I would love to hear your thoughts regarding this new revision. I have provided a link for your view pleasure in case you haven't seen it. You can view it here. 

I look forward to some very insightful dialogue! 

Grace and Peace.

Reactions: Informative 1


----------



## Claudiu (Dec 6, 2021)

And then there's the Refreshed: https://www.rasv.org/

Reactions: Like 1


----------



## MWJ '90 (Dec 6, 2021)

You know what's funny, I saw an earlier post on here regarding the Refreshed ASV just minutes after I posted this one  I was like "are you kidding me??" Lol this is my first time hearing about it. I will check it out. Thanks.

Reactions: Like 1


----------



## Taylor (Dec 6, 2021)

I frankly find these kinds of projects, while interesting, to be a largely wasted effort. Looking at the footnotes, it looks like a great deal of labor was put into this. But to what benefit? It will almost certainly never be widely distributed. I doubt more than a few thousand people worldwide will ever even know about it. I would even wager that in the end more people will use the original ASV than the UASV. Plus, as I just said in another thread, we already have a virtually endless supply of good English translations, to the point where yet another one, and especially another one done by a single individual, is, in my estimation, entirely pointless. Enough already.

Reactions: Like 2


----------



## Regi Addictissimus (Dec 6, 2021)

Don't forget the NTTASV.

Reactions: Like 1


----------



## MWJ '90 (Dec 6, 2021)

Taylor, I actually agree with you on that. I do honestly wish there were only 3 good formal equivalence translations and 2 solid translations on the more dynamic equivalence spectrum, in English. My Dream Scenario:

*Formal Equivalence Translations*:

1. *King James Version*---Okay do I really need to say anything regarding this precious timeless gift to the English speaking world? No I don't....moving on.
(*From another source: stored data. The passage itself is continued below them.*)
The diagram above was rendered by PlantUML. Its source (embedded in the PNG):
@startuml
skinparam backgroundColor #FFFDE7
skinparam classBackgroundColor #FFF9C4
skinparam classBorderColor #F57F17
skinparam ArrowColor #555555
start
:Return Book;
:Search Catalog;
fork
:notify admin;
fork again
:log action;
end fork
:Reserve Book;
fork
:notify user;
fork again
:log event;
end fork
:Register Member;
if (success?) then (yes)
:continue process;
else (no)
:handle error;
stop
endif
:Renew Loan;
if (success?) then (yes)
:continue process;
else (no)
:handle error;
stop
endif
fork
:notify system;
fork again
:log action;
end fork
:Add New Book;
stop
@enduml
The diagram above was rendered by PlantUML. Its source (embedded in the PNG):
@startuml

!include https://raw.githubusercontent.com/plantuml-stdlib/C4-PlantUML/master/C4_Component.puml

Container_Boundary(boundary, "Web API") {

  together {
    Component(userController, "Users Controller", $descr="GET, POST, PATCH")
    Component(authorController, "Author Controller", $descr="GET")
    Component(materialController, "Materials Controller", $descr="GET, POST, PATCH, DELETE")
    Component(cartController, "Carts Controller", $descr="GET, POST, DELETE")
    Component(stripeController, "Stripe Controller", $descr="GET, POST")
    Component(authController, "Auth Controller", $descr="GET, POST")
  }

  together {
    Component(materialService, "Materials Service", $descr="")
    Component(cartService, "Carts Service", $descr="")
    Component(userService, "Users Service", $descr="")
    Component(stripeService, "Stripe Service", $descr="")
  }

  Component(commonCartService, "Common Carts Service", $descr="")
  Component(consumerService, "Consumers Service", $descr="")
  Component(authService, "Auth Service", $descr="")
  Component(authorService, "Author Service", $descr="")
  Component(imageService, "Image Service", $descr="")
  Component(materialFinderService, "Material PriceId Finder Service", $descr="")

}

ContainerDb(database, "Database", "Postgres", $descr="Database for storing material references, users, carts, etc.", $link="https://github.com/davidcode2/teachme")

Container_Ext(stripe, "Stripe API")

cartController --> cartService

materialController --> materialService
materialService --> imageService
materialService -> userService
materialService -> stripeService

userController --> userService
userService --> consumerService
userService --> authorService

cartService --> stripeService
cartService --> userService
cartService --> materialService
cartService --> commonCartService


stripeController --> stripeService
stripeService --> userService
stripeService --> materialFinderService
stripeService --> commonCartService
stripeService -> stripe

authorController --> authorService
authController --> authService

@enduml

2. *New King James Version*--- I would personally like to see a MINOR and I mean MINOR revision to help improve some of its renderings of certain words to better reflect the original Hebrew, Aramaic, and Greek a bit more closely (examples: "power" to "authority" in certain contexts in the Gospels, etc.) This would be a great translation to have due to the NT Text having a different textual base than the CT text of most modern translations. To me the* NKJV* is a grossly underrated yet exceedingly useful translation for close detailed study. Its documentation of textual variants is almost unmatched by any translation readily available with perhaps the exception of the *Christian Standard Bible* (more on this gem later). One more thing that I really like about the *NKJV* (as well as the *NASB*) is how it capitalizes pronouns that is referring to deity. I understand that there are potential pitfalls to this approach in certain contexts, but I personally like that feature and think it is really useful in most places. But enough about this one, as you can see I have a soft spot for the* NKJV *but I digress.

3. *English Standard Version /New American Standard Bible '95*---to be honest both of these are excellent Formal Equivalent translations based on the best available manuscripts we have today. I honestly think if you were to take the best qualities of both of these translations and combine them into one translation (say the *New English Standard Bible *(*NESB*)?) this would arguably be the best of the Formal Equivalent translations available. I could definitely see many in the Reformed world happily endorsing the "*NESB"* as their translation of choice. Man, just think of the possibilities!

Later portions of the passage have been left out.